P.S. Smee still has this profile on his Twitter feed.

Double huh.


Hark! The Herald! (Both Sides No Edition)

November 6, 2017

As the hardreading staff has noted on numerous occasions, the Boston Herald has consistently failed to grasp the distinction between news and promotion.

Exhibit Umpteen: Today’s edition of the selfie local tabloid, which devotes half a page of its ever dwindling newshole to a talk Herald columnist Adriana Cohen gave yesterday at a Harvard student conference.

 

 

Just nuts graf:

“No one has a monopoly on smart,” Cohen said [at the event]. “There are good and smart people on both sides of the aisle and across demographics. When some people only want to hear one side of an argument, or one narrow set of ideas, they’re doing themselves a great disservice.
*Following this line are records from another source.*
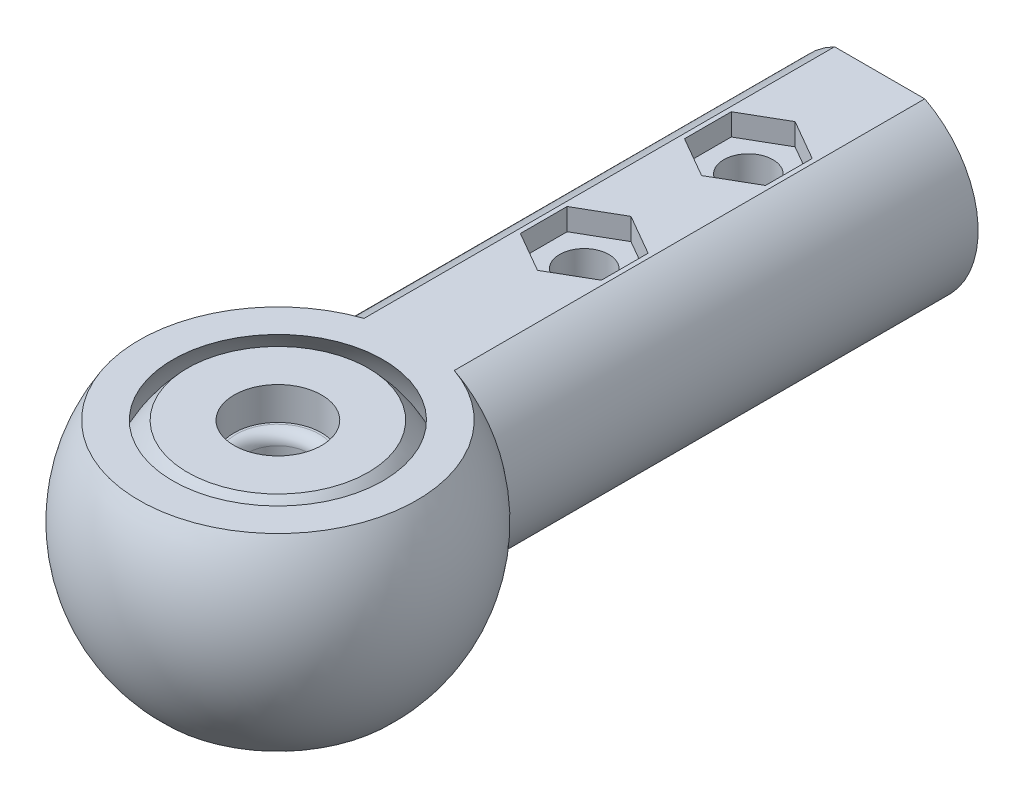
from build123d import *

# Parameters (mm, degrees)
BOSS_EXTRUDE2_DEPTH             = 40
BOSS_EXTRUDE2_DIRECTION_2_REACH = 37.299
SKETCH3_R                       = 3.05
CUT_EXTRUDE1_DEPTH              = 35
SKETCH4_R                       = 2.25
CUT_EXTRUDE3_DEPTH              = 2
CUT_EXTRUDE4_REACH              = 62.092
SKETCH4_3_R                     = 2.25
SKETCH5_R                       = 4
CUT_EXTRUDE5_DEPTH              = 3
FILLET1_R                       = 1


with BuildPart() as part:
    # Sketch1 → Revolve1 (revolve)
    with BuildSketch(Plane.XY):
        with BuildLine():
            Line((8.261355821, 8), (2.8, 8))
            Line((2.8, 8), (2.8, -11))
            Line((2.8, -11), (3.354101966, -11))
            ThreePointArc((3.354101966, -11), (11.134617861, -2.875810338), (8.261355821, 8))
        make_face()
        with BuildLine():
            Line((12.68857754, 8), (9.604686356, 8))
            ThreePointArc((9.604686356, 8), (12.27344014, -2.369106824), (5.937171044, -11))
            Line((5.937171044, -11), (10.198039027, -11))
            ThreePointArc((10.198039027, -11), (14.872770572, -1.949537258), (12.68857754, 8))
        make_face()
    revolve(axis=Axis((0, 10, 0), (0, -1, 0)))

    # Sketch2 → Boss-Extrude2 (add)
    with BuildSketch(Plane(origin=(0, 0, -15), x_dir=(-1, 0, 0), z_dir=(0, 0, -1))):
        with BuildLine():
            ThreePointArc((-4.123105626, 8), (0, -9), (4.123105626, 8))
            Line((4.123105626, 8), (-4.123105626, 8))
        make_face()
    extrude(amount=BOSS_EXTRUDE2_DEPTH)

    # Sketch2 → Boss-Extrude2 direction 2 (add, up to next)
    with BuildSketch(Plane(origin=(0, 0, -15), x_dir=(-1, 0, 0), z_dir=(0, 0, -1)), mode=Mode.PRIVATE) as boss_extrude2_direction_2_sk1:
        with BuildLine():
            ThreePointArc((-4.123105626, 8), (0, -9), (4.123105626, 8))
            Line((4.123105626, 8), (-4.123105626, 8))
        make_face()
    boss_extrude2_direction_2_tool1 = extrude(boss_extrude2_direction_2_sk1.sketch, amount=-BOSS_EXTRUDE2_DIRECTION_2_REACH, mode=Mode.PRIVATE) - part.part
    add(boss_extrude2_direction_2_tool1.solids().sort_by_distance((0, -0.187735, -15))[0])

    # Sketch3 → Cut-Extrude1 (cut)
    with BuildSketch(Plane(origin=(0, 0, -55), x_dir=(-1, 0, 0), z_dir=(0, 0, -1))):
        Circle(SKETCH3_R)
    extrude(amount=-CUT_EXTRUDE1_DEPTH, mode=Mode.SUBTRACT)

    # Sketch4 → Cut-Extrude3 (cut)
    # profile 1 of 2: a face of its own
    with BuildSketch(Plane(origin=(0, 8, 0), x_dir=(1, 0, 0), z_dir=(0, 1, 0))):
        Polygon((0, 38.727608008), (3.7, 40.863804004), (3.7, 45.136195996), (0, 47.272391992), (-3.7, 45.136195996), (-3.7, 40.863804004), align=None)
        with Locations((0, 43)):
            Circle(SKETCH4_R, mode=Mode.SUBTRACT)
    # profile 2 of 2: a face of its own
    with BuildSketch(Plane(origin=(0, 8, 0), x_dir=(1, 0, 0), z_dir=(0, 1, 0))):
        Polygon((0, 23.727608008), (3.7, 25.863804004), (3.7, 30.136195996), (0, 32.272391992), (-3.7, 30.136195996), (-3.7, 25.863804004), align=None)
        with Locations((0, 28)):
            Circle(SKETCH4_R, mode=Mode.SUBTRACT)
    extrude(amount=-CUT_EXTRUDE3_DEPTH, mode=Mode.SUBTRACT)

    # Sketch4<3> → Cut-Extrude4 (cut, up to next)
    with BuildSketch(Plane(origin=(0, 8, 0), x_dir=(1, 0, 0), z_dir=(0, 1, 0)), mode=Mode.PRIVATE) as cut_extrude4_sk1:
        with Locations((0, 43)):
            Circle(SKETCH4_3_R)
    cut_extrude4_tool1 = extrude(cut_extrude4_sk1.sketch, amount=-CUT_EXTRUDE4_REACH, mode=Mode.PRIVATE) & part.part
    # Sketch4<3> → Cut-Extrude4 (cut, up to next)
    with BuildSketch(Plane(origin=(0, 8, 0), x_dir=(1, 0, 0), z_dir=(0, 1, 0)), mode=Mode.PRIVATE) as cut_extrude4_sk2:
        with Locations((0, 28)):
            Circle(SKETCH4_3_R)
    cut_extrude4_tool2 = extrude(cut_extrude4_sk2.sketch, amount=-CUT_EXTRUDE4_REACH, mode=Mode.PRIVATE) & part.part
    add(cut_extrude4_tool1.solids().sort_by_distance((0, 8, -43))[0], mode=Mode.SUBTRACT)
    add(cut_extrude4_tool2.solids().sort_by_distance((0, 8, -28))[0], mode=Mode.SUBTRACT)

    # Sketch5 → Cut-Extrude5 (cut)
    with BuildSketch(Plane(origin=(0, 8, 0), x_dir=(1, 0, 0), z_dir=(0, 1, 0))):
        Circle(SKETCH5_R)
    extrude(amount=-CUT_EXTRUDE5_DEPTH, mode=Mode.SUBTRACT)

    # Fillet1
    fillet1_edges = [part.edges().sort_by_distance(p)[0] for p in [
        (-2.8, 5, 0),
    ]]
    fillet(fillet1_edges, radius=FILLET1_R)


solid = part.part
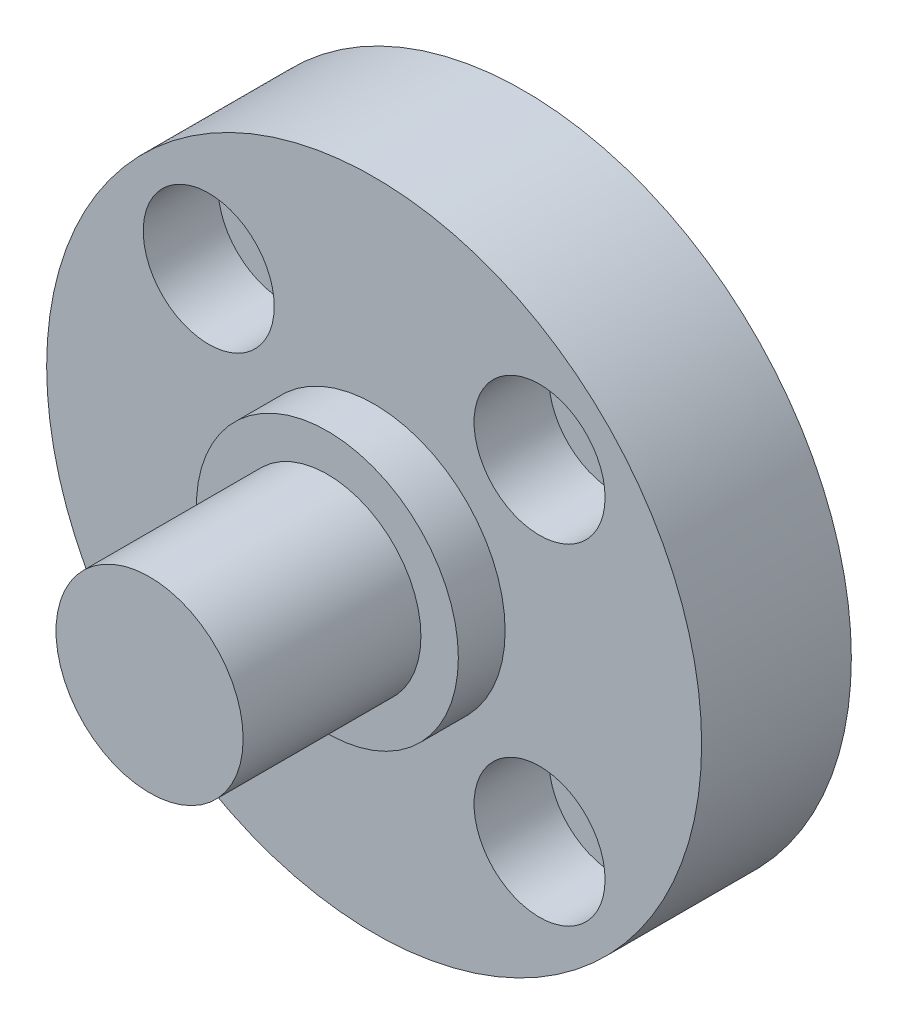
from build123d import *

# Parameters (mm, degrees)
SKETCH_1_R          = 17.5
EXTRUDE_1_DEPTH     = 8
SKETCH_2_R          = 7
EXTRUDE_2_DEPTH     = 2.5
SKETCH_3_R          = 5
EXTRUDE_3_DEPTH     = 9.5
SKETCH_4_R          = 1.6
CUT_EXTRUDE_1_DEPTH = 28.504545079
SKETCH_5_R          = 3.5
SKETCH_5_R_2        = 1.6
CUT_EXTRUDE_2_DEPTH = 4


with BuildPart() as part:
    # ｽｹｯﾁ1 → ﾎﾞｽ - 押し出し1 (new body)
    with BuildSketch(Plane.XY):
        Circle(SKETCH_1_R)
    extrude(amount=EXTRUDE_1_DEPTH)

    # ｽｹｯﾁ2 → ﾎﾞｽ - 押し出し2 (add)
    with BuildSketch(Plane.XY.offset(8)):
        Circle(SKETCH_2_R)
    extrude(amount=EXTRUDE_2_DEPTH)

    # ｽｹｯﾁ3 → ﾎﾞｽ - 押し出し3 (add)
    with BuildSketch(Plane.XY.offset(10.5)):
        Circle(SKETCH_3_R)
    extrude(amount=EXTRUDE_3_DEPTH)

    # ｽｹｯﾁ4 → ｶｯﾄ - 押し出し1 (cut, through all)
    with BuildSketch(Plane.XY.offset(8)):
        with Locations((8.838834765, 8.838834765)):
            Circle(SKETCH_4_R)
        with Locations((8.838834765, -8.838834765)):
            Circle(SKETCH_4_R)
        with Locations((-8.838834765, -8.838834765)):
            Circle(SKETCH_4_R)
        with Locations((-8.838834765, 8.838834765)):
            Circle(SKETCH_4_R)
    extrude(amount=-CUT_EXTRUDE_1_DEPTH, mode=Mode.SUBTRACT)

    # ｽｹｯﾁ5 → ｶｯﾄ - 押し出し2 (cut)
    # profile 1 of 4: a face of its own
    with BuildSketch(Plane.XY.offset(8)):
        with Locations((8.838834765, 8.838834765)):
            Circle(SKETCH_5_R)
        with Locations((8.838834765, 8.838834765)):
            Circle(SKETCH_5_R_2, mode=Mode.SUBTRACT)
    # profile 2 of 4: a face of its own
    with BuildSketch(Plane.XY.offset(8)):
        with Locations((8.838834765, -8.838834765)):
            Circle(SKETCH_5_R)
        with Locations((8.838834765, -8.838834765)):
            Circle(SKETCH_5_R_2, mode=Mode.SUBTRACT)
    # profile 3 of 4: a face of its own
    with BuildSketch(Plane.XY.offset(8)):
        with Locations((-8.838834765, -8.838834765)):
            Circle(SKETCH_5_R)
        with Locations((-8.838834765, -8.838834765)):
            Circle(SKETCH_5_R_2, mode=Mode.SUBTRACT)
    # profile 4 of 4: a face of its own
    with BuildSketch(Plane.XY.offset(8)):
        with Locations((-8.838834765, 8.838834765)):
            Circle(SKETCH_5_R)
        with Locations((-8.838834765, 8.838834765)):
            Circle(SKETCH_5_R_2, mode=Mode.SUBTRACT)
    extrude(amount=-CUT_EXTRUDE_2_DEPTH, mode=Mode.SUBTRACT)


solid = part.part

We can all learn from one another.”

 

That’s rich, given that Cohen – a charter member of the Trumpettes – has demonstrably never met a knee she wouldn’t jerk.

Just as the Herald has never met a PR event it wouldn’t dress up as news.

(To be fair graf goes here)

To be fair, the Boston Globe has lately done its share of self-promotion as well. There was all the hubbub in the newshole last month over the paper’s HUBweek festival, and this wet kiss for “Globe Live” in the Names column last week.

 

 

Never say we don’t give you both sides.

Two-Daily Tune bonus track:

 

 


Boston Globe Stiffs Herald – After Herald Stiffs Worcester Telegram – on Boy-Beating Girl Golfer

October 28, 2017

The hardreading staff has on more than one occasion referred to the Boston Herald as a “lively index to the Boston Globe.”

But every now and again it’s the Globe that becomes a lowly caboose to the Herald.

Like yesterday.

Let’s begin with this piece in Thursday’s Herald.

TEEING OFF ON BOYS’ CLUB

Girl golfer wins tourney, MIAA withholds her trophy

The record books won’t note Emily Nash’s amazing three-over-par high school tournament victory — because she’s a girl.

That has golfers from all over the country calling to praise the 16-year-old Lunenburg High junior who beat all the boys.

“It still kind of stinks,” Nash told the Herald last night. She had to give up the trophy to the second-place finisher.

“I’m disappointed I didn’t get the trophy. But that’s OK. Even if I didn’t get the trophy, everyone knew my score,” she said. “In golf, it’s all about the rules.”

 

In the news business, though, the rules are slightly looser. So on Friday, the Globe unblushingly ran this piece.

Girl golfer beats boys, denied trophy

MIAA rule book allows her to play, but not to win

She was allowed to golf with the boys, but the rules didn’t allow her to beat them.

So when Emily Nash, a Lunenburg High School junior, shot the best score at the Central region Division 3 high school golf tournament at Blissful Meadows in Uxbridge on Tuesday, officials had to hand the trophy to the best-scoring boy, who had finished four strokes back.

 

Drive the Herald nuts graf:

“The statewide rule that denied her a victory will be reviewed and possibly changed, high school sports officials said. On its face, it certainly seems like an injustice to deny a trophy to the golfer with the best score, and Nash’s story has quickly gained national attention, amplified by social media and highlighted on the Web page of the PGA.”

Not to mention local attention, which the Globe conveniently did not mention.

Low class, Globeniks. Very low class.